- Task description
Please restate word for word the lines from the top of the entries through the line that contains "80.8l11.1-6.5a3.5 3.5 0", and do not include any pictures.

START Material for this task

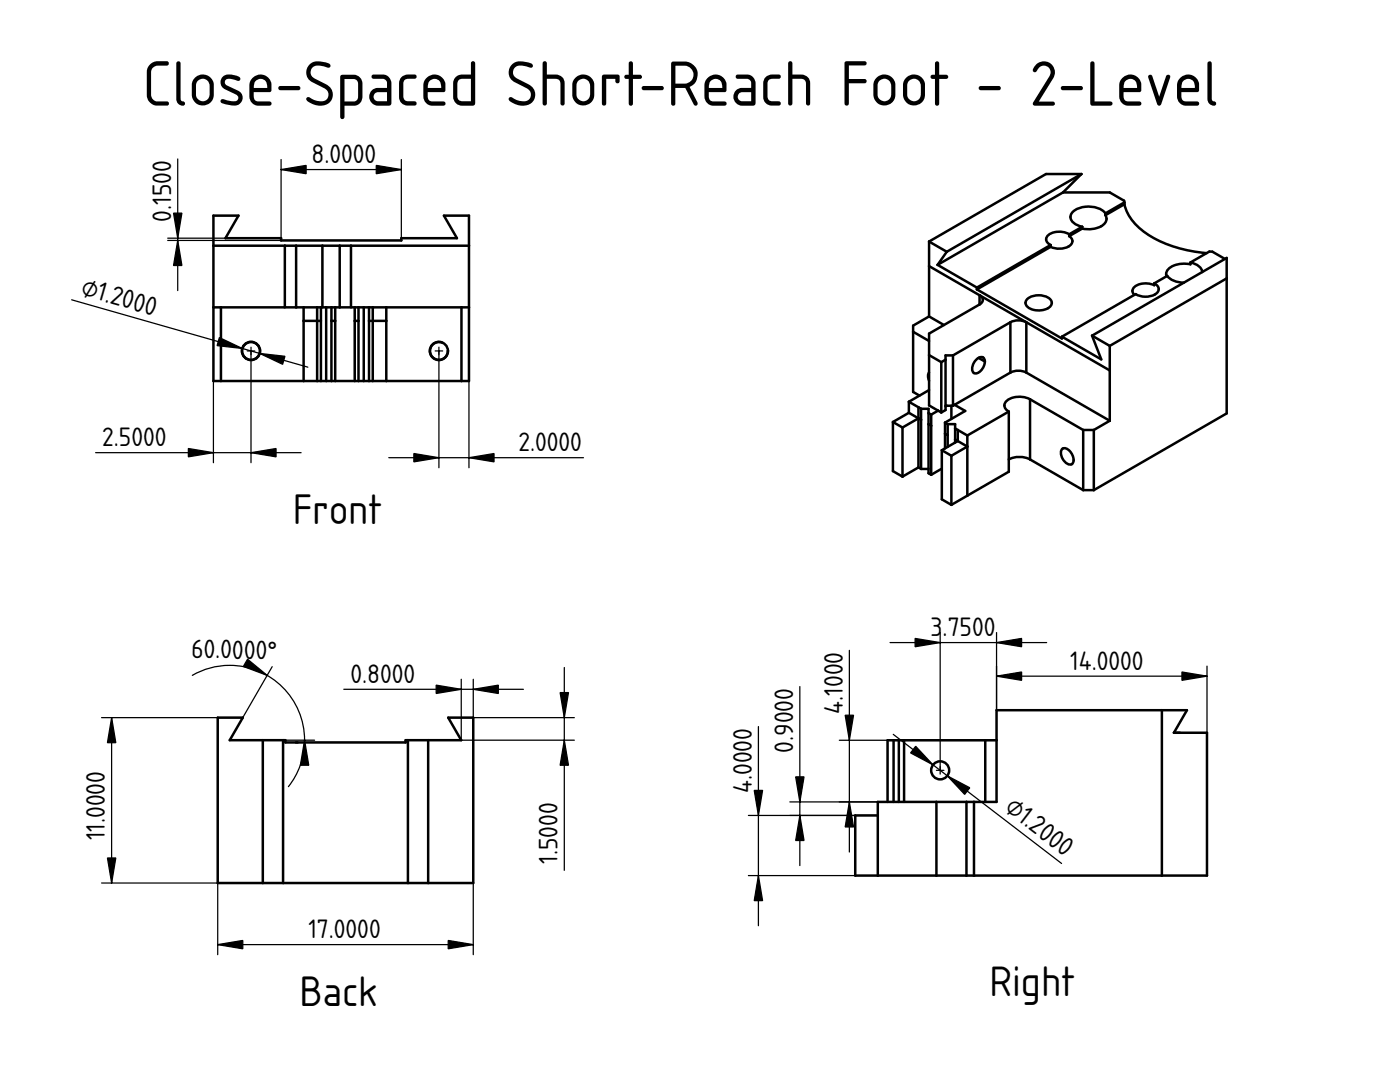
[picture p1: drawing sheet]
<svg xmlns="http://www.w3.org/2000/svg" width="279mm" height="216mm" viewBox="0 0 279 216" stroke-linecap="round" stroke-linejoin="round" font-family="sans-serif">
<path d="M211.5 67.7h.1" fill="none" stroke="#000" stroke-width=".2"/>
<g fill="#fff">
<path d="M221.5 69l23.3-13.5v27l-26.5 15.3v-12l3.2-1.8z" fill-rule="evenodd"/>
<path d="M195 57.8l14.7-8.5a3.7 3.7 0 0 0 4.1-.6 1.06 1.06 0 0 0-.4-1.6l2.6-1.5a4.7 4.7 0 0 0 4.7-1.3l.1-.6-.2-.8 3.8-2.1a11.4 11.4 0 0 0 6.7 7.1 27.6 27.6 0 0 0 9.7 2.6l-3.2 1.9v.3a4.9 4.9 0 0 0-4.6 1.2l-.3 .8 .1 .4-2.4 1.4v.4a3.9 3.9 0 0 0-4.1 .5 .98 .98 0 0 0 .1 1.4l-14.5 8.4v.3z" fill-rule="evenodd"/>
<path d="M187.1 52.9l25-14.5h9.4l2.8 1.6 .1 .4-3.8 2.2a4.9 4.9 0 0 0-6.7-.1 1.53 1.53 0 0 0 .8 2.3l1.3 .4-2.6 1.5a3.9 3.9 0 0 0-4.3 .3 1.13 1.13 0 0 0 .6 1.9l-14.7 8.5z" fill-rule="evenodd"/>
<path d="M204.8 64.3l16.7 9.6v10.1l-16.7-9.7z" fill-rule="evenodd"/>
</g>
<path d="M211.5 67.7h.1" fill="none" stroke="#000" stroke-width=".2"/>
<g fill="#fff">
<path d="M190.5 80.8l11.1-6.5a3.5 3.5 0 0 1 3.2 0l16.7 9.7-3.2 1.8h-2.1l-10.6-6.1a4.3 4.3 0 0 0-4.9 .5 1.26 1.26 0 0 0 .6 1.9l-8.2 4.8-2.5-1.4v-.9h-1.5l-.5-.3 4-2.3z" fill-rule="evenodd"/>
<path d="M185.4 48.2l3.5 2-1.8 2.7 7.9 4.5v.4l16.9 9.7v-.3l7.9 4.5-1.9-4.7 3.6 2v4.9l-16.7-9.6a3.5 3.5 0 0 0-3.2 0l-11.4 6.6h-1.5v.9l-.8 .5-2.5-1.4v-4.3l10.1-5.8a.97 .97 0 0 0 .7-1 .97 .97 0 0 0-.7-.9l-10.1-5.8z" fill-rule="evenodd"/>
</g>
<path d="M211.5 67.7h.1" fill="none" stroke="#000" stroke-width=".2"/>
<g fill="#fff">
<path d="M190.6 87.7l.5 .3-.5 .3z"/>
<path d="M188.7 81h.2l-.2 .1z"/>
<path d="M205.6 79.7l10.6 6.1v12l-10.6-6.1z" fill-rule="evenodd"/>
<path d="M190.2 70.9l11.4-6.6v10l-11.4 6.7z" fill-rule="evenodd"/>
<path d="M185.4 48.2l23.3-13.5h7.1l-26.9 15.5z" fill-rule="evenodd"/>
<path d="M217.9 67l26.9-15.5v4l-23.3 13.5z" fill-rule="evenodd"/>
<path d="M193.1 86.9l8.2-4.8v12l-8.2 4.8z" fill-rule="evenodd"/>
<path d="M185.4 53.1l10.1 5.8v1.9l-7.1 4.1-3-1.8z" fill-rule="evenodd"/>
<path d="M211.9 67.2l14.7-8.5a3.7 3.7 0 0 0 4.5-.4 1.14 1.14 0 0 0-.7-1.8l2.6-1.5a4.1 4.1 0 0 0 3.3 1.4l-18.4 10.6 1.9 4.7z" fill-rule="evenodd"/>
<path d="M201 79.9a4.5 4.5 0 0 1 4.6-.2v12a4.7 4.7 0 0 0-4.3 0v-9.6a1.26 1.26 0 0 1-.3-2.2z" fill-rule="evenodd"/>
<path d="M188.9 50.2l26.9-15.5-3.7 3.7-25 14.5z" fill-rule="evenodd"/>
<path d="M182.2 66.2l3.2 1.8v6.3l-.2 .6 .2 1.1v1.8l-1.9 1.1-1.3-.7z" fill-rule="evenodd"/>
<path d="M185.8 82.7l1.4-.8 .7 .4 .8-.5v-.7l1.2-.1v2.6l-1.3 .7v5.2l-.6 .3v3.7l-2.2 1.2z" fill-rule="evenodd"/>
<path d="M180.1 85.3l3.2-1.8v9.8l-3.2 1.8z" fill-rule="evenodd"/>
<path d="M189.9 90.9l3.2-1.8v9.8l-3.2 1.8z" fill-rule="evenodd"/>
<path d="M195.5 58.9v1.9a.97 .97 0 0 0 .7-1 .97 .97 0 0 0-.7-.9l9.3 5.4v10a3.5 3.5 0 0 0-3.2 0v-10a3.5 3.5 0 0 1 3.2 0z" fill-rule="evenodd"/>
<path d="M216.2 85.8h2.1v12h-2.1z" fill-rule="evenodd"/>
<path d="M214.3 42.1a5.3 5.3 0 0 1 6 .1l.3 .4v.3a1.5 1.5 0 0 1-.8 2.2 5.6 5.6 0 0 1-3.8 .5v-.4a2.51 2.51 0 0 1-2.4-1.9l.1-.4z" fill-rule="evenodd"/>
<path d="M185.4 70.9l2.5 1.4v10l-2.5-1.4z" fill-rule="evenodd"/>
<path d="M233.3 53.6a5.3 5.3 0 0 1 4.3-.9v-.3a2.54 2.54 0 0 1 2.3 1.9l-3.6 2.1a4.5 4.5 0 0 1-3.5-1.4l-.1-.2a1.45 1.45 0 0 1 .6-1.2z" fill-rule="evenodd"/>
<path d="M178.2 84.2l1.9 1.1v9.8l-1.9-1.1z" fill-rule="evenodd"/>
<path d="M188 89.8l1.9 1.1v9.8l-1.9-1.1z" fill-rule="evenodd"/>
<path d="M183.8 81.6h1.5v12h-1.5z" fill-rule="evenodd"/>
<path d="M188.7 70.9h1.5v10.1h-1.5z" fill-rule="evenodd"/>
<path d="M182.2 65l3.2-1.9 3 1.8-3 1.7v1.4l-3.2-1.8z" fill-rule="evenodd"/>
<path d="M209.1 47a3.8 3.8 0 0 1 4.3-.3v.4a1.11 1.11 0 0 1 .6 1.1 1.11 1.11 0 0 1-.7 1 4.1 4.1 0 0 1-3.6 .1v-.4a1.13 1.13 0 0 1-.6-1.9z" fill-rule="evenodd"/>
<path d="M237.6 52.4l3.8-2.2h.6l2.5 1.5-4.6 2.6a2.54 2.54 0 0 0-2.3-1.9z" fill-rule="evenodd"/>
<path d="M205 59.7a3.6 3.6 0 0 1 4.8 .3 1.32 1.32 0 0 1-1.1 1.7 3.8 3.8 0 0 1-3.8-.6 .98 .98 0 0 1 .1-1.4z" fill-rule="evenodd"/>
<path d="M226.3 57.4a3.8 3.8 0 0 1 4.1-.5v-.4a1.21 1.21 0 0 1 .8 1.3 1.21 1.21 0 0 1-1 1.1 4.1 4.1 0 0 1-3.6-.2l-.2 .1a1 1 0 0 1-.1-1.4z" fill-rule="evenodd"/>
<path d="M181.4 80.2l4-2.4v3.1l1.8 1-1.4 .8-.5-.3v-.8h-1.5z" fill-rule="evenodd"/>
<path d="M187.9 72.3l.8-.5v10l-.8 .5z" fill-rule="evenodd"/>
<path d="M178.2 84.2l3.2-1.8 1.9 1.1-3.2 1.8z" fill-rule="evenodd"/>
<path d="M188 89.8l3.1-1.8 2 1.1-3.2 1.8z" fill-rule="evenodd"/>
<path d="M189.1 84.6h1.5v3.7l-1.5 .9z" fill-rule="evenodd"/>
<path d="M195 71.6a.89 .89 0 0 1 1.2-.3 .89 .89 0 0 1 .3 1.2l-.3 .8a1.7 1.7 0 0 1-1.8 1.1 1.82 1.82 0 0 1 .3-2.5z" fill-rule="evenodd"/>
<path d="M212.1 89.5a1.82 1.82 0 0 1 2 1.5 1.07 1.07 0 0 1-.5 1.7 2.41 2.41 0 0 1-1.7-3z" fill-rule="evenodd"/>
<path d="M195 57.4l14.7-8.5v.4l-14.7 8.5z" fill-rule="evenodd"/>
<path d="M195 71.6l.3-.2 1.3 .7a2.5 2.5 0 0 1-1.9 2.4 1.19 1.19 0 0 1-.4-1.9z" fill-rule="evenodd"/>
<path d="M183.3 83.5l.5 .3v9.8l-.5-.3z" fill-rule="evenodd"/>
<path d="M185.3 84.6l.5 .3v9.8l-.5-.3z" fill-rule="evenodd"/>
<path d="M191.1 85.8l2 1.1v2.2l-2-1.1z" fill-rule="evenodd"/>
<path d="M181.4 80.2l1.9 1.1v2.2l-1.9-1.1z" fill-rule="evenodd"/>
<path d="M189.9 81l.6-.2 2.1 1.2-2.7 1.6z" fill-rule="evenodd"/>
<path d="M188.6 86.5l.5 .3v2.4l-.5 .3z" fill-rule="evenodd"/>
<path d="M220.6 42.6l3.8-2.2v.4l-3.8 2.1z" fill-rule="evenodd"/>
<path d="M190.6 85.5l.5 .3v2.2l-.5-.3z" fill-rule="evenodd"/>
<path d="M185.3 82.4l.5 .3v2.2l-.5-.3z" fill-rule="evenodd"/>
<path d="M188.6 84.3l.5 .3v2.2l-.5-.3z" fill-rule="evenodd"/>
<path d="M183.3 81.3l.5 .3v2.2l-.5-.3z" fill-rule="evenodd"/>
<path d="M213.4 46.7l2.6-1.5v.4l-2.6 1.5z" fill-rule="evenodd"/>
<path d="M195.3 71.4a.78 .78 0 0 1 .9-.1 .78 .78 0 0 1 .4 .8z" fill-rule="evenodd"/>
<path d="M185.4 74.3v1.7l-.2-.8z" fill-rule="evenodd"/>
</g>
<g fill="none" stroke="#000" stroke-width=".5">
<path d="M212.1 38.4h9.4l2.8 1.6 .1 .4M212.1 38.4l-25 14.5M215.8 34.7l-3.7 3.7M215.8 34.7h-7.1l-23.3 13.5M215.8 34.7l-26.9 15.5M185.4 48.2v14.9M185.4 48.2l3.5 2M185.4 53.1l36.1 20.8M187.1 52.9l7.9 4.5M188.9 50.2l-1.8 2.7M195 57.4v.4M195 57.8l16.9 9.7v-.3"/>
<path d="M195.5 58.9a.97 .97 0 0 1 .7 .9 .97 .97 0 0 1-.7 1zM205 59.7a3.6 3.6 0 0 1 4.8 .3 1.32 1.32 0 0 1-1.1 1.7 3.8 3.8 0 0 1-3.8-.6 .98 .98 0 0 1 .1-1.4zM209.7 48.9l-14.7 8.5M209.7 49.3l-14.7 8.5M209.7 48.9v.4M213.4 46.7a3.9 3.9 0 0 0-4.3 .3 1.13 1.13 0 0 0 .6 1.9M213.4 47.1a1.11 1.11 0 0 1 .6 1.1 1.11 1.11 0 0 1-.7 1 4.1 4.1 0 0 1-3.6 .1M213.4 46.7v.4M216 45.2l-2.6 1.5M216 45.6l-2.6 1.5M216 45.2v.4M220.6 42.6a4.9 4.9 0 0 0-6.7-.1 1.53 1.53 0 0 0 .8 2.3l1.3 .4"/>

END Material for this task

- Problem solution
[picture p1: drawing sheet]
<svg xmlns="http://www.w3.org/2000/svg" width="279mm" height="216mm" viewBox="0 0 279 216" stroke-linecap="round" stroke-linejoin="round" font-family="sans-serif">
<path d="M211.5 67.7h.1" fill="none" stroke="#000" stroke-width=".2"/>
<g fill="#fff">
<path d="M221.5 69l23.3-13.5v27l-26.5 15.3v-12l3.2-1.8z" fill-rule="evenodd"/>
<path d="M195 57.8l14.7-8.5a3.7 3.7 0 0 0 4.1-.6 1.06 1.06 0 0 0-.4-1.6l2.6-1.5a4.7 4.7 0 0 0 4.7-1.3l.1-.6-.2-.8 3.8-2.1a11.4 11.4 0 0 0 6.7 7.1 27.6 27.6 0 0 0 9.7 2.6l-3.2 1.9v.3a4.9 4.9 0 0 0-4.6 1.2l-.3 .8 .1 .4-2.4 1.4v.4a3.9 3.9 0 0 0-4.1 .5 .98 .98 0 0 0 .1 1.4l-14.5 8.4v.3z" fill-rule="evenodd"/>
<path d="M187.1 52.9l25-14.5h9.4l2.8 1.6 .1 .4-3.8 2.2a4.9 4.9 0 0 0-6.7-.1 1.53 1.53 0 0 0 .8 2.3l1.3 .4-2.6 1.5a3.9 3.9 0 0 0-4.3 .3 1.13 1.13 0 0 0 .6 1.9l-14.7 8.5z" fill-rule="evenodd"/>
<path d="M204.8 64.3l16.7 9.6v10.1l-16.7-9.7z" fill-rule="evenodd"/>
</g>
<path d="M211.5 67.7h.1" fill="none" stroke="#000" stroke-width=".2"/>
<g fill="#fff">
<path d="M190.5 80.8l11.1-6.5a3.5 3.5 0 0 1 3.2 0l16.7 9.7-3.2 1.8h-2.1l-10.6-6.1a4.3 4.3 0 0 0-4.9 .5 1.26 1.26 0 0 0 .6 1.9l-8.2 4.8-2.5-1.4v-.9h-1.5l-.5-.3 4-2.3z" fill-rule="evenodd"/>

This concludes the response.